Right now, if you look how most scientists react to the NIH budget cuts- most of it is not helpful if not down-right counter-productive. It is focused on themselves- my job, my lab- with only a vague 'society needs research' at the end. While the distress is understandable- this easily reinforces concepts that scientists are some self-centred elite only concerned about themselves- kind of even inviting sentiments of 'now you see how it is for hard-working people to lose their jobs, happens in other sectors all the time'. So right now, we urgently need (among other things) better and more concrete narratives of how Science concretely contributes to our societies, how it saves or improves lives, the environment and some of the beauty, magic and wonder that I think many of us feel about our work. We need to speak up why Academic Freedom matters- it is ultimately a society's 'insurance' against totalitarianism which is precisely why it is under attack right now.
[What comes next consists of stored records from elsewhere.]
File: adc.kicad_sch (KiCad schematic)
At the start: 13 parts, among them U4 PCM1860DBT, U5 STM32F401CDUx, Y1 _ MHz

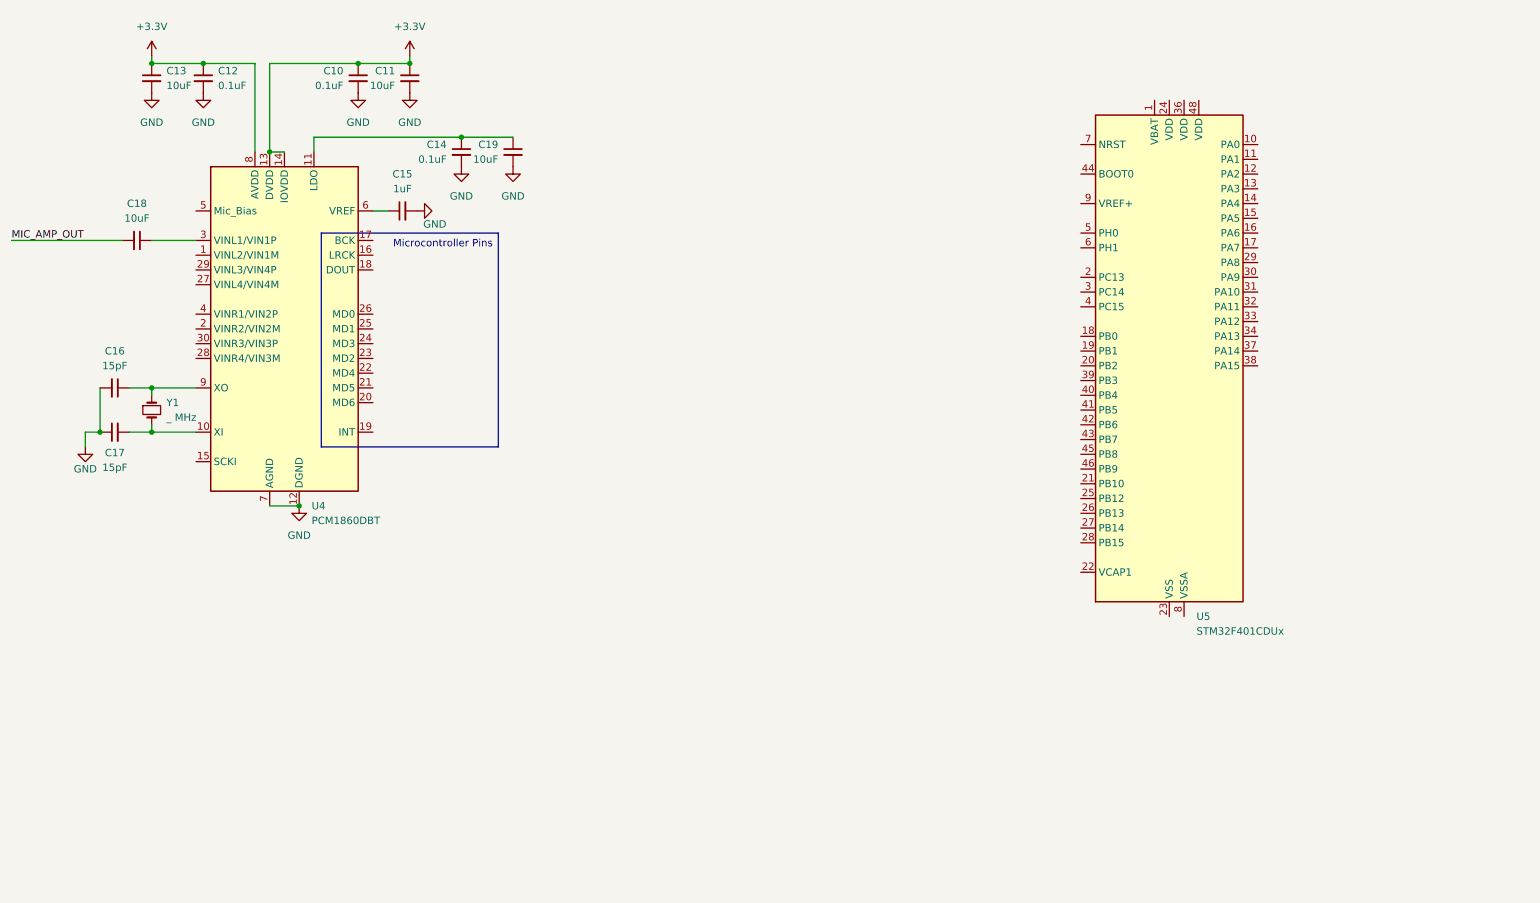
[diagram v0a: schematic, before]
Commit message: implementing full adc and semi-microcontroller
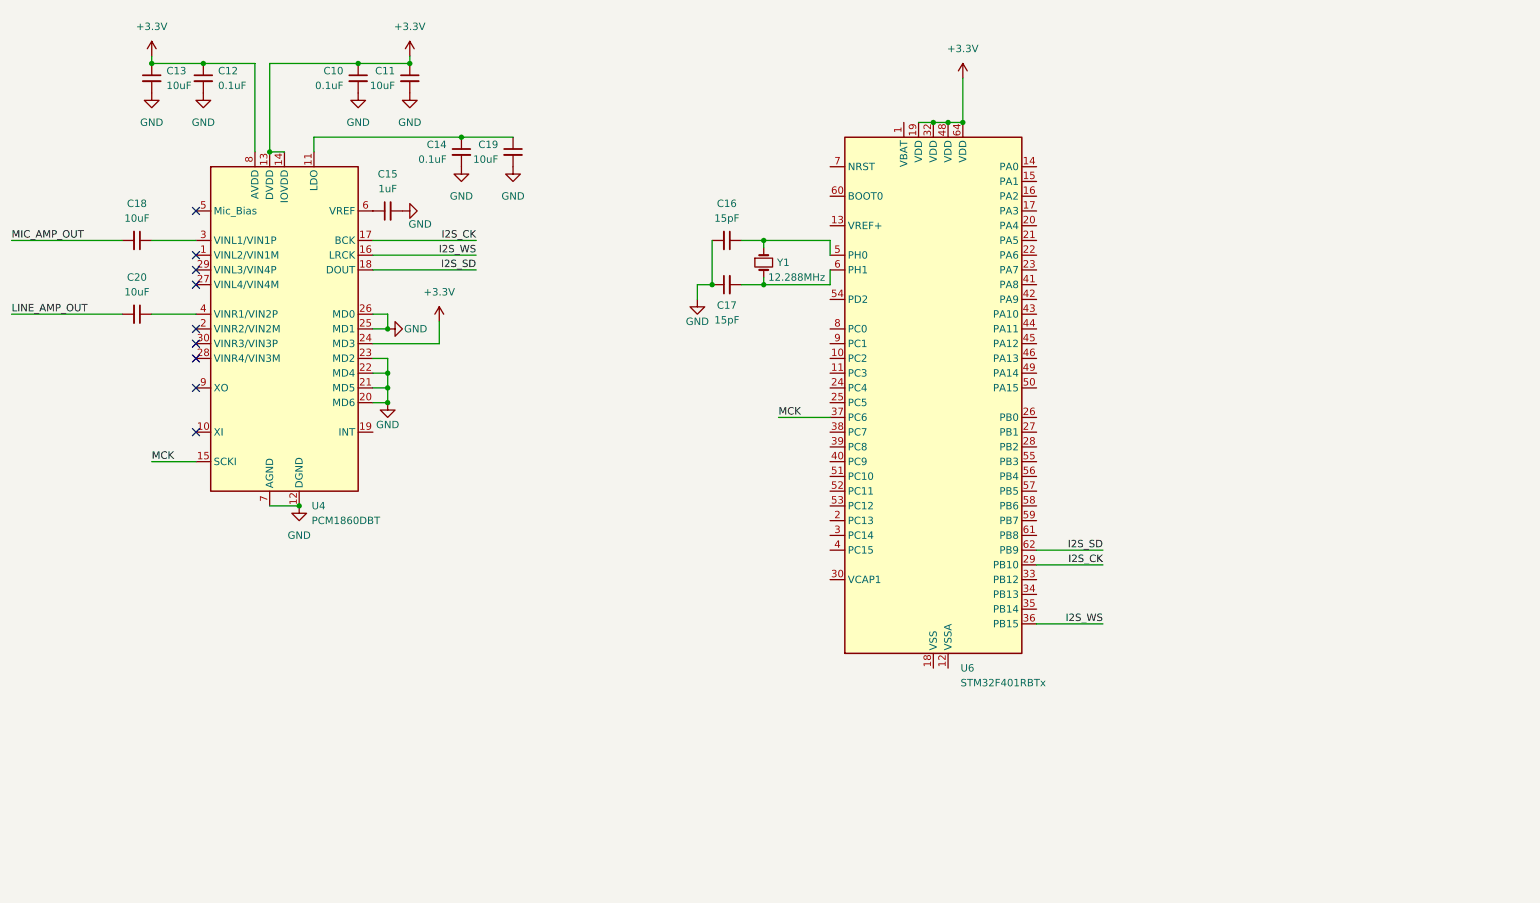
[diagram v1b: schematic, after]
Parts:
- removed U5: STM32F401CDUx, Package_DFN_QFN:QFN-48-1EP_7x7mm_P0.5mm_EP5.6x5.6mm, symbol MCU_ST_STM32F4:STM32F401CDUx
- added C20: 10uF, symbol Device:C_Small
- added U6: STM32F401RBTx, Package_QFP:LQFP-64_10x10mm_P0.5mm, symbol MCU_ST_STM32F4:STM32F401RBTx
- Y1: value _ MHz -> 12.288MHz
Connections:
- net +3.3V: now also U4.24 (MD3), U6.19 (VDD), U6.32 (VDD), U6.48 (VDD), U6.64 (VDD)
- net GND: now also U4.20 (MD6), U4.21 (MD5), U4.22 (MD4), U4.23 (MD2), U4.25 (MD1), U4.26 (MD0)
- net at C16.1, Y1.1: now also U6.5 (PH0); no longer U4.9 (XO)
- net at C17.2, Y1.2: now also U6.6 (PH1); no longer U4.10 (XI)
- net MCK: now reaches U4.15 (SCKI)
- net MCK: now also U6.37 (PC6)
- net I2S_WS: now reaches U4.16 (LRCK)
- net I2S_WS: now also U6.36 (PB15)
- net I2S_CK: now reaches U4.17 (BCK)
- net I2S_CK: now also U6.29 (PB10)
- net I2S_SD: now reaches U4.18 (DOUT)
- net I2S_SD: now also U6.62 (PB9)
- net at U4.4 (VINR1/VIN2P): now also C20.1
- new net: U6.18 (VSS), U6.31 (VSS), U6.47 (VSS), U6.63 (VSS)
- new net LINE_AMP_OUT: C20.2
- no-connect marks 0 -> 9
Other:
- moved on the sheet: C15

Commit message: wow... just wow...
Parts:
- added BOOT: BOOT, symbol Switch:SW_Push
- added C21, C22, C23, C24, C27, C29: 100nF, symbol Device:C_Small
- added C25, C26: 4.7uF, symbol Device:C_Small
- added C28: 1uF, symbol Device:C_Small
- added J4: SWD, Connector:Tag-Connect_TC2030-IDC-NL_2x03_P1.27mm_Vertical, symbol Connector:Conn_ARM_SWD_TagConnect_TC2030-NL
- added R12, R9: 10k, symbol Device:R_Small_US
- added RST: RST, symbol Switch:SW_Push
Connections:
- net +3.3V: now also U6.1 (VBAT), U6.13 (VREF+), BOOT.2, C21.1, C22.1, C23.1, C24.1, C25.1, C27.1, C28.1, J4.1 (VCC)
- net GND: now also U6.12 (VSSA), U6.18 (VSS), U6.31 (VSS), U6.47 (VSS), U6.63 (VSS), C21.2, C22.2, C23.2, C24.2, C25.2, C26.2, C27.2, C28.2, C29.2, J4.5 (GND), R12.2, R9.2, RST.1
- net I2S_SD: now also U6.36 (PB15); no longer U6.62 (PB9)
- net I2S_WS: now also U6.62 (PB9); no longer U6.36 (PB15)
- net at U6.28 (PB2): now also R12.1
- net at U6.30 (VCAP1): now also C26.1
- net SWDIO: now reaches U6.46 (PA13)
- net SWDIO: now also J4.2 (SWDIO)
- net SWCLK: now reaches U6.49 (PA14)
- net SWCLK: now also J4.4 (SWCLK)
- net SWO: now reaches U6.55 (PB3)
- net SWO: now also J4.6 (SWO)
- net BOOT0: now reaches U6.60 (BOOT0)
- net BOOT0: now also BOOT.1, R9.1
- net RST: now reaches U6.7 (NRST)
- net RST: now also C29.1, J4.3 (~{RESET}), RST.2
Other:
- moved on the sheet: C16, C17, C18, C20, U6, Y1

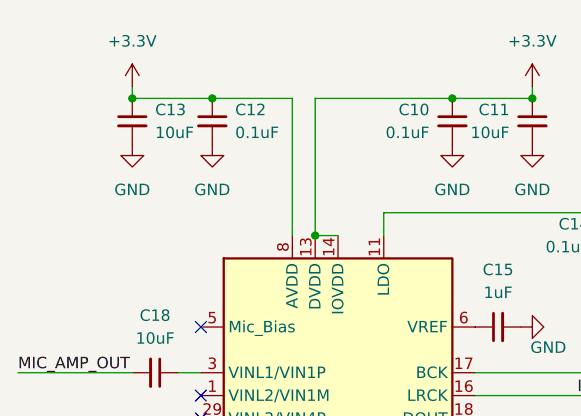
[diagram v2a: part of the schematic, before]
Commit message: Added DAC Page.
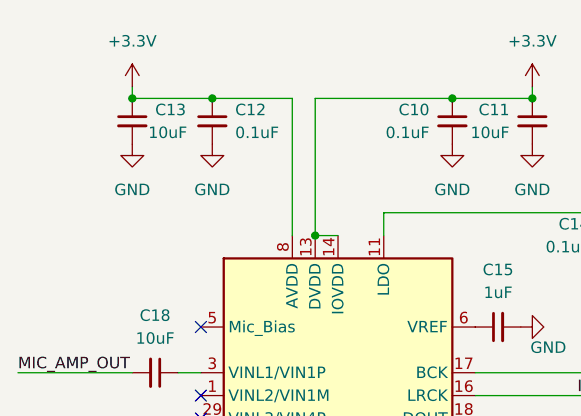
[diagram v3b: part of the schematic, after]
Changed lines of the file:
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@@
 		(in_pos_files yes)
 		(dnp no)
-		(fields_autoplaced yes)
 		(property "Reference" "C13"
 			(at 45.72 24.1362 0)
@@
 		)
 		(property "Value" "10uF"
-			(at 45.72 26.6762 0)
+			(at 44.958 26.67 0)
 			(show_name no)
 			(do_not_autoplace no)

Tomorrow is e.g. rare disease day- there is a lot of one could say about how e.g. policies ensure that also people with rare conditions have a chance, not just the majorities, making our societies fairer and more just.

Some good resources on story telling and system change in general would e.g. be ASHOKA and IDEO (there are many others as well)

https://www.ashoka.org/en-us (different regions have different programs)

https://www.ideou.com/blogs/inspiration (the courses are good but rather pricey; however the blog series is great and covers many topics in sufficient detail to get started)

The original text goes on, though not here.